In coming to this conclusion, the Court took the following factors into account:
- It was only in April 2012, when the expert knew the precise mechanism by which the Claimant's injuries had been caused, that the Claimant knew she had a claim against Medway in negligence;
- Prior to this point, the Claimant had had sufficient knowledge for the purposes of Section 14 of the Act. However, in not pursuing Medway she had been acting on legal and medical advice that the claim against Medway had little or no prospect of success;
- The Claimant had a good claim against Medway, which was statute barred by virtue of Section 11;
- The claim against Wolferstans was by no means bound to succeed. Accordingly, the Claimant would suffer prejudice if Section 11 was applied, because she would be unable to bring a good claim against Medway and there was no appropriate alternative remedy against Wolferstans; and
- The prejudice to the Claimant outweighed any prejudice which may be suffered by Medway in the Court exercising its Section 33 discretion.

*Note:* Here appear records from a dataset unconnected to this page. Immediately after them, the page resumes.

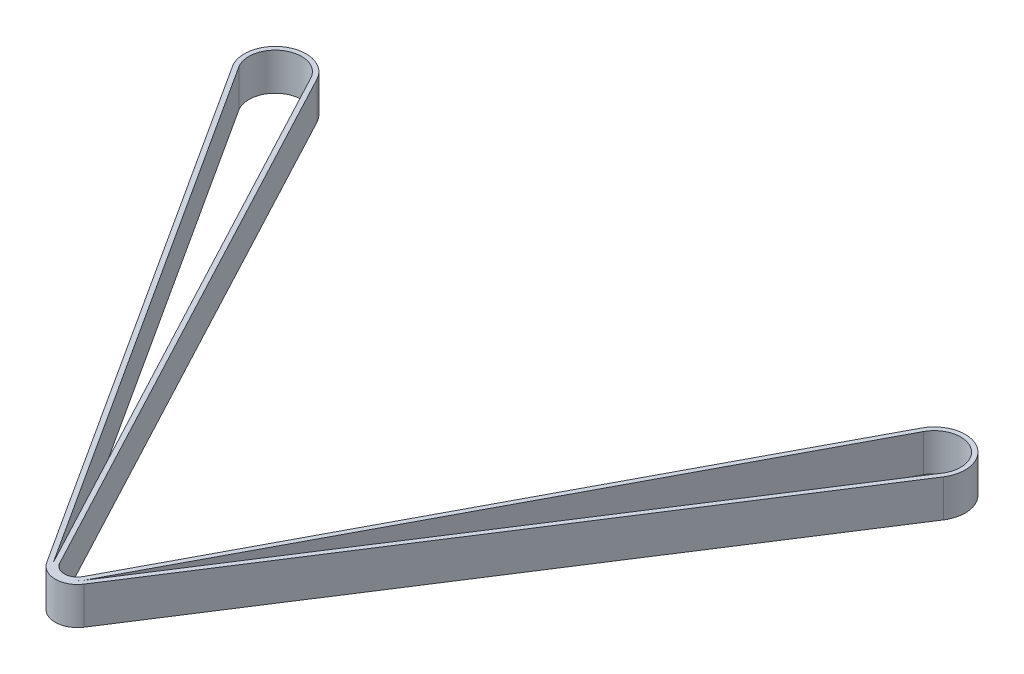
ISO-10303-21;
HEADER;
FILE_DESCRIPTION(('STEP AP214'),'2;1');
FILE_NAME('part.step','',(''),(''),'','','');
FILE_SCHEMA(('AUTOMOTIVE_DESIGN { 1 0 10303 214 1 1 1 1 }'));
ENDSEC;
DATA;
#1=APPLICATION_CONTEXT('core data for automotive mechanical design processes');
#2=APPLICATION_PROTOCOL_DEFINITION('international standard','automotive_design',2000,#1);
#3=PRODUCT_CONTEXT('',#1,'mechanical');
#4=PRODUCT('Part','Part','',(#3));
#5=PRODUCT_RELATED_PRODUCT_CATEGORY('part','',(#4));
#6=PRODUCT_DEFINITION_FORMATION('','',#4);
#7=PRODUCT_DEFINITION_CONTEXT('part definition',#1,'design');
#8=PRODUCT_DEFINITION('design','',#6,#7);
#9=PRODUCT_DEFINITION_SHAPE('','',#8);
#10=(LENGTH_UNIT() NAMED_UNIT(*) SI_UNIT(.MILLI.,.METRE.));
#11=(NAMED_UNIT(*) PLANE_ANGLE_UNIT() SI_UNIT($,.RADIAN.));
#12=(NAMED_UNIT(*) SI_UNIT($,.STERADIAN.) SOLID_ANGLE_UNIT());
#13=UNCERTAINTY_MEASURE_WITH_UNIT(LENGTH_MEASURE(1.E-05),#10,'distance_accuracy_value','');
#14=(GEOMETRIC_REPRESENTATION_CONTEXT(3) GLOBAL_UNCERTAINTY_ASSIGNED_CONTEXT((#13)) GLOBAL_UNIT_ASSIGNED_CONTEXT((#10,
#11,#12)) REPRESENTATION_CONTEXT('',''));
#15=CARTESIAN_POINT('',(0.,0.,0.));
#16=DIRECTION('',(0.,0.,1.));
#17=DIRECTION('',(1.,0.,0.));
#18=AXIS2_PLACEMENT_3D('',#15,#16,#17);
#19=CARTESIAN_POINT('',(0.,2.835,80.));
#20=DIRECTION('',(0.,1.,0.));
#21=DIRECTION('',(0.,0.,1.));
#22=AXIS2_PLACEMENT_3D('',#19,#20,#21);
#23=PLANE('',#22);
#24=CARTESIAN_POINT('',(0.,2.835,80.));
#25=DIRECTION('',(0.,1.,0.));
#26=DIRECTION('',(0.,0.,1.));
#27=AXIS2_PLACEMENT_3D('',#24,#25,#26);
#28=CIRCLE('',#27,3.38099999999999);
#29=CARTESIAN_POINT('',(-2.84194261261278,2.835,81.831535745383));
#30=VERTEX_POINT('',#29);
#31=CARTESIAN_POINT('',(2.84194261261276,2.835,81.831535745383));
#32=VERTEX_POINT('',#31);
#33=EDGE_CURVE('E262',#30,#32,#28,.T.);
#34=ORIENTED_EDGE('',*,*,#33,.T.);
#35=DIRECTION('',(0.54171421040609,0.,-0.840562736649744));
#36=VECTOR('',#35,1.);
#37=CARTESIAN_POINT('',(53.9422392348873,2.835,2.54063964680456));
#38=LINE('',#37,#36);
#39=CARTESIAN_POINT('',(53.9422392348873,2.835,2.54063964680456));
#40=VERTEX_POINT('',#39);
#41=EDGE_CURVE('E266',#32,#40,#38,.T.);
#42=ORIENTED_EDGE('',*,*,#41,.T.);
#43=CARTESIAN_POINT('',(50.,2.835,0.));
#44=DIRECTION('',(0.,1.,0.));
#45=DIRECTION('',(0.,0.,1.));
#46=AXIS2_PLACEMENT_3D('',#43,#44,#45);
#47=CIRCLE('',#46,4.69);
#48=CARTESIAN_POINT('',(45.85663033452,2.835,-2.19740479092502));
#49=VERTEX_POINT('',#48);
#50=EDGE_CURVE('E270',#40,#49,#47,.T.);
#51=ORIENTED_EDGE('',*,*,#50,.T.);
#52=DIRECTION('',(-0.468529806167377,0.,0.883447689867804));
#53=VECTOR('',#52,1.);
#54=CARTESIAN_POINT('',(1.76689537973561,2.835,80.9370596123348));
#55=LINE('',#54,#53);
#56=CARTESIAN_POINT('',(1.7668953797356,2.835,80.9370596123348));
#57=VERTEX_POINT('',#56);
#58=EDGE_CURVE('E273',#49,#57,#55,.T.);
#59=ORIENTED_EDGE('',*,*,#58,.T.);
#60=CARTESIAN_POINT('',(0.,2.835,80.));
#61=DIRECTION('',(0.,-1.,0.));
#62=DIRECTION('',(0.,0.,1.));
#63=AXIS2_PLACEMENT_3D('',#60,#61,#62);
#64=CIRCLE('',#63,2.);
#65=CARTESIAN_POINT('',(-1.76689537973559,2.835,80.9370596123348));
#66=VERTEX_POINT('',#65);
#67=EDGE_CURVE('E276',#57,#66,#64,.T.);
#68=ORIENTED_EDGE('',*,*,#67,.T.);
#69=DIRECTION('',(-0.468529806167378,0.,-0.883447689867804));
#70=VECTOR('',#69,1.);
#71=CARTESIAN_POINT('',(-45.85663033452,2.835,-2.197404790925));
#72=LINE('',#71,#70);
#73=CARTESIAN_POINT('',(-45.85663033452,2.835,-2.197404790925));
#74=VERTEX_POINT('',#73);
#75=EDGE_CURVE('E279',#66,#74,#72,.T.);
#76=ORIENTED_EDGE('',*,*,#75,.T.);
#77=CARTESIAN_POINT('',(-50.,2.835,0.));
#78=DIRECTION('',(0.,1.,0.));
#79=DIRECTION('',(0.,0.,1.));
#80=AXIS2_PLACEMENT_3D('',#77,#78,#79);
#81=CIRCLE('',#80,4.69);
#82=CARTESIAN_POINT('',(-53.9422392348873,2.835,2.54063964680456));
#83=VERTEX_POINT('',#82);
#84=EDGE_CURVE('E282',#74,#83,#81,.T.);
#85=ORIENTED_EDGE('',*,*,#84,.T.);
#86=DIRECTION('',(0.54171421040609,0.,0.840562736649744));
#87=VECTOR('',#86,1.);
#88=CARTESIAN_POINT('',(-2.84194261261278,2.835,81.831535745383));
#89=LINE('',#88,#87);
#90=EDGE_CURVE('E285',#83,#30,#89,.T.);
#91=ORIENTED_EDGE('',*,*,#90,.T.);
#92=EDGE_LOOP('',(#34,#42,#51,#59,#68,#76,#85,#91));
#93=FACE_BOUND('',#92,.T.);
#94=DIRECTION('',(0.54171421040609,0.,-0.840562736649744));
#95=VECTOR('',#94,1.);
#96=CARTESIAN_POINT('',(53.362250946599,2.835,2.16685684162436));
#97=LINE('',#96,#95);
#98=CARTESIAN_POINT('',(2.26195432432444,2.835,81.4577529402028));
#99=VERTEX_POINT('',#98);
#100=CARTESIAN_POINT('',(53.362250946599,2.835,2.16685684162436));
#101=VERTEX_POINT('',#100);
#102=EDGE_CURVE('E182',#99,#101,#97,.T.);
#103=ORIENTED_EDGE('',*,*,#102,.F.);
#104=CARTESIAN_POINT('',(0.,2.835,80.));
#105=DIRECTION('',(0.,1.,0.));
#106=DIRECTION('',(0.,0.,1.));
#107=AXIS2_PLACEMENT_3D('',#104,#105,#106);
#108=CIRCLE('',#107,2.691);
#109=CARTESIAN_POINT('',(-2.26195432432446,2.835,81.4577529402028));
#110=VERTEX_POINT('',#109);
#111=EDGE_CURVE('E173',#110,#99,#108,.T.);
#112=ORIENTED_EDGE('',*,*,#111,.F.);
#113=DIRECTION('',(0.54171421040609,0.,0.840562736649744));
#114=VECTOR('',#113,1.);
#115=CARTESIAN_POINT('',(-2.26195432432446,2.835,81.4577529402028));
#116=LINE('',#115,#114);
#117=CARTESIAN_POINT('',(-53.362250946599,2.835,2.16685684162436));
#118=VERTEX_POINT('',#117);
#119=EDGE_CURVE('E214',#118,#110,#116,.T.);
#120=ORIENTED_EDGE('',*,*,#119,.F.);
#121=CARTESIAN_POINT('',(-50.,2.835,0.));
#122=DIRECTION('',(0.,1.,0.));
#123=DIRECTION('',(0.,0.,1.));
#124=AXIS2_PLACEMENT_3D('',#121,#122,#123);
#125=CIRCLE('',#124,4.);
#126=CARTESIAN_POINT('',(-46.4662092405288,2.835,-1.87411922466951));
#127=VERTEX_POINT('',#126);
#128=EDGE_CURVE('E211',#127,#118,#125,.T.);
#129=ORIENTED_EDGE('',*,*,#128,.F.);
#130=DIRECTION('',(-0.468529806167378,0.,-0.883447689867804));
#131=VECTOR('',#130,1.);
#132=CARTESIAN_POINT('',(-46.4662092405288,2.835,-1.87411922466951));
#133=LINE('',#132,#131);
#134=CARTESIAN_POINT('',(-2.37647428574438,2.835,81.2603451785903));
#135=VERTEX_POINT('',#134);
#136=EDGE_CURVE('E208',#135,#127,#133,.T.);
#137=ORIENTED_EDGE('',*,*,#136,.F.);
#138=CARTESIAN_POINT('',(0.,2.835,80.));
#139=DIRECTION('',(0.,-1.,0.));
#140=DIRECTION('',(0.,0.,1.));
#141=AXIS2_PLACEMENT_3D('',#138,#139,#140);
#142=CIRCLE('',#141,2.69);
#143=CARTESIAN_POINT('',(2.37647428574439,2.835,81.2603451785903));
#144=VERTEX_POINT('',#143);
#145=EDGE_CURVE('E205',#144,#135,#142,.T.);
#146=ORIENTED_EDGE('',*,*,#145,.F.);
#147=DIRECTION('',(-0.468529806167377,0.,0.883447689867804));
#148=VECTOR('',#147,1.);
#149=CARTESIAN_POINT('',(2.37647428574439,2.835,81.2603451785903));
#150=LINE('',#149,#148);
#151=CARTESIAN_POINT('',(46.4662092405288,2.835,-1.87411922466953));
#152=VERTEX_POINT('',#151);
#153=EDGE_CURVE('E200',#152,#144,#150,.T.);
#154=ORIENTED_EDGE('',*,*,#153,.F.);
#155=CARTESIAN_POINT('',(50.,2.835,0.));
#156=DIRECTION('',(0.,1.,0.));
#157=DIRECTION('',(0.,0.,1.));
#158=AXIS2_PLACEMENT_3D('',#155,#156,#157);
#159=CIRCLE('',#158,4.);
#160=EDGE_CURVE('E196',#101,#152,#159,.T.);
#161=ORIENTED_EDGE('',*,*,#160,.F.);
#162=EDGE_LOOP('',(#103,#112,#120,#129,#137,#146,#154,#161));
#163=FACE_BOUND('',#162,.T.);
#164=ADVANCED_FACE('F43',(#93,#163),#23,.T.);
#165=CARTESIAN_POINT('',(0.,-2.835,80.));
#166=DIRECTION('',(0.,1.,0.));
#167=DIRECTION('',(0.,0.,1.));
#168=AXIS2_PLACEMENT_3D('',#165,#166,#167);
#169=PLANE('',#168);
#170=CARTESIAN_POINT('',(0.,-2.835,80.));
#171=DIRECTION('',(0.,1.,0.));
#172=DIRECTION('',(0.,0.,1.));
#173=AXIS2_PLACEMENT_3D('',#170,#171,#172);
#174=CIRCLE('',#173,3.38099999999999);
#175=CARTESIAN_POINT('',(-2.84194261261278,-2.835,81.831535745383));
#176=VERTEX_POINT('',#175);
#177=CARTESIAN_POINT('',(2.84194261261276,-2.835,81.831535745383));
#178=VERTEX_POINT('',#177);
#179=EDGE_CURVE('E191',#176,#178,#174,.T.);
#180=ORIENTED_EDGE('',*,*,#179,.F.);
#181=DIRECTION('',(0.54171421040609,0.,0.840562736649744));
#182=VECTOR('',#181,1.);
#183=CARTESIAN_POINT('',(-2.84194261261278,-2.835,81.831535745383));
#184=LINE('',#183,#182);
#185=CARTESIAN_POINT('',(-53.9422392348873,-2.835,2.54063964680456));
#186=VERTEX_POINT('',#185);
#187=EDGE_CURVE('E267',#186,#176,#184,.T.);
#188=ORIENTED_EDGE('',*,*,#187,.F.);
#189=CARTESIAN_POINT('',(-50.,-2.835,0.));
#190=DIRECTION('',(0.,1.,0.));
#191=DIRECTION('',(0.,0.,1.));
#192=AXIS2_PLACEMENT_3D('',#189,#190,#191);
#193=CIRCLE('',#192,4.69);
#194=CARTESIAN_POINT('',(-45.85663033452,-2.835,-2.197404790925));
#195=VERTEX_POINT('',#194);
#196=EDGE_CURVE('E307',#195,#186,#193,.T.);
#197=ORIENTED_EDGE('',*,*,#196,.F.);
#198=DIRECTION('',(-0.468529806167378,0.,-0.883447689867804));
#199=VECTOR('',#198,1.);
#200=CARTESIAN_POINT('',(-45.85663033452,-2.835,-2.197404790925));
#201=LINE('',#200,#199);
#202=CARTESIAN_POINT('',(-1.76689537973559,-2.835,80.9370596123348));
#203=VERTEX_POINT('',#202);
#204=EDGE_CURVE('E304',#203,#195,#201,.T.);
#205=ORIENTED_EDGE('',*,*,#204,.F.);
#206=CARTESIAN_POINT('',(0.,-2.835,80.));
#207=DIRECTION('',(0.,-1.,0.));
#208=DIRECTION('',(0.,0.,1.));
#209=AXIS2_PLACEMENT_3D('',#206,#207,#208);
#210=CIRCLE('',#209,2.);
#211=CARTESIAN_POINT('',(1.7668953797356,-2.835,80.9370596123348));
#212=VERTEX_POINT('',#211);
#213=EDGE_CURVE('E301',#212,#203,#210,.T.);
#214=ORIENTED_EDGE('',*,*,#213,.F.);
#215=DIRECTION('',(-0.468529806167377,0.,0.883447689867804));
#216=VECTOR('',#215,1.);
#217=CARTESIAN_POINT('',(1.76689537973561,-2.835,80.9370596123348));
#218=LINE('',#217,#216);
#219=CARTESIAN_POINT('',(45.85663033452,-2.835,-2.19740479092502));
#220=VERTEX_POINT('',#219);
#221=EDGE_CURVE('E298',#220,#212,#218,.T.);
#222=ORIENTED_EDGE('',*,*,#221,.F.);
#223=CARTESIAN_POINT('',(50.,-2.835,0.));
#224=DIRECTION('',(0.,1.,0.));
#225=DIRECTION('',(0.,0.,1.));
#226=AXIS2_PLACEMENT_3D('',#223,#224,#225);
#227=CIRCLE('',#226,4.69);
#228=CARTESIAN_POINT('',(53.9422392348873,-2.835,2.54063964680456));
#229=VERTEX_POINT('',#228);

The key factor that the Court had to decide in considering whether to exercise its Section 33 discretion was the prejudice caused to the parties.
In considering this question, it was extremely persuasive to the Court that:
- the claim against Wolferstans was not certain to succeed. Liability in the claim against Wolferstans was in dispute and, as the claim against Wolferstans was put as a loss of chance, even if successful, the Claimant would not recover 100% of the damages;
- the prejudice caused to Medway in the Court exercising its discretion was considered to be greatly outweighed by the prejudice to the Claimant. In considering this question, the Court heard evidence from both parties as to prejudice (the Claimant pleaded Res Ipsa Loquitor - this was not a case where one would actually expect to find any evidence in any event, of the negligent act).
Whilst the position in respect of Section 14 remains unclear as to the nature of the knowledge required (and case law remains conflicting on the point), the Judge favoured the more generous approach to knowledge set out in Spargo v North Essex District Health Authority 1997 PIQR.
However, there was real value in getting the matter before a Judge to consider all the facts, the actions of the respective parties and the whole question of prejudice.
No admission of liability had been made and the Judge considered prejudice very carefully. The value of a claim against a solicitor is never as high as a claim against the primary tortfeasor (in this case Medway) and the case demonstrated the value of running a failure to mitigate argument in these circumstances.
It is worth noting that the Claimant felt compelled to issue against the Trust and raise the section 33 point solely because of the defence pleaded against her.
Never assume that too much time has passed to raise a section 33 point. It's not about time but rather about prejudice.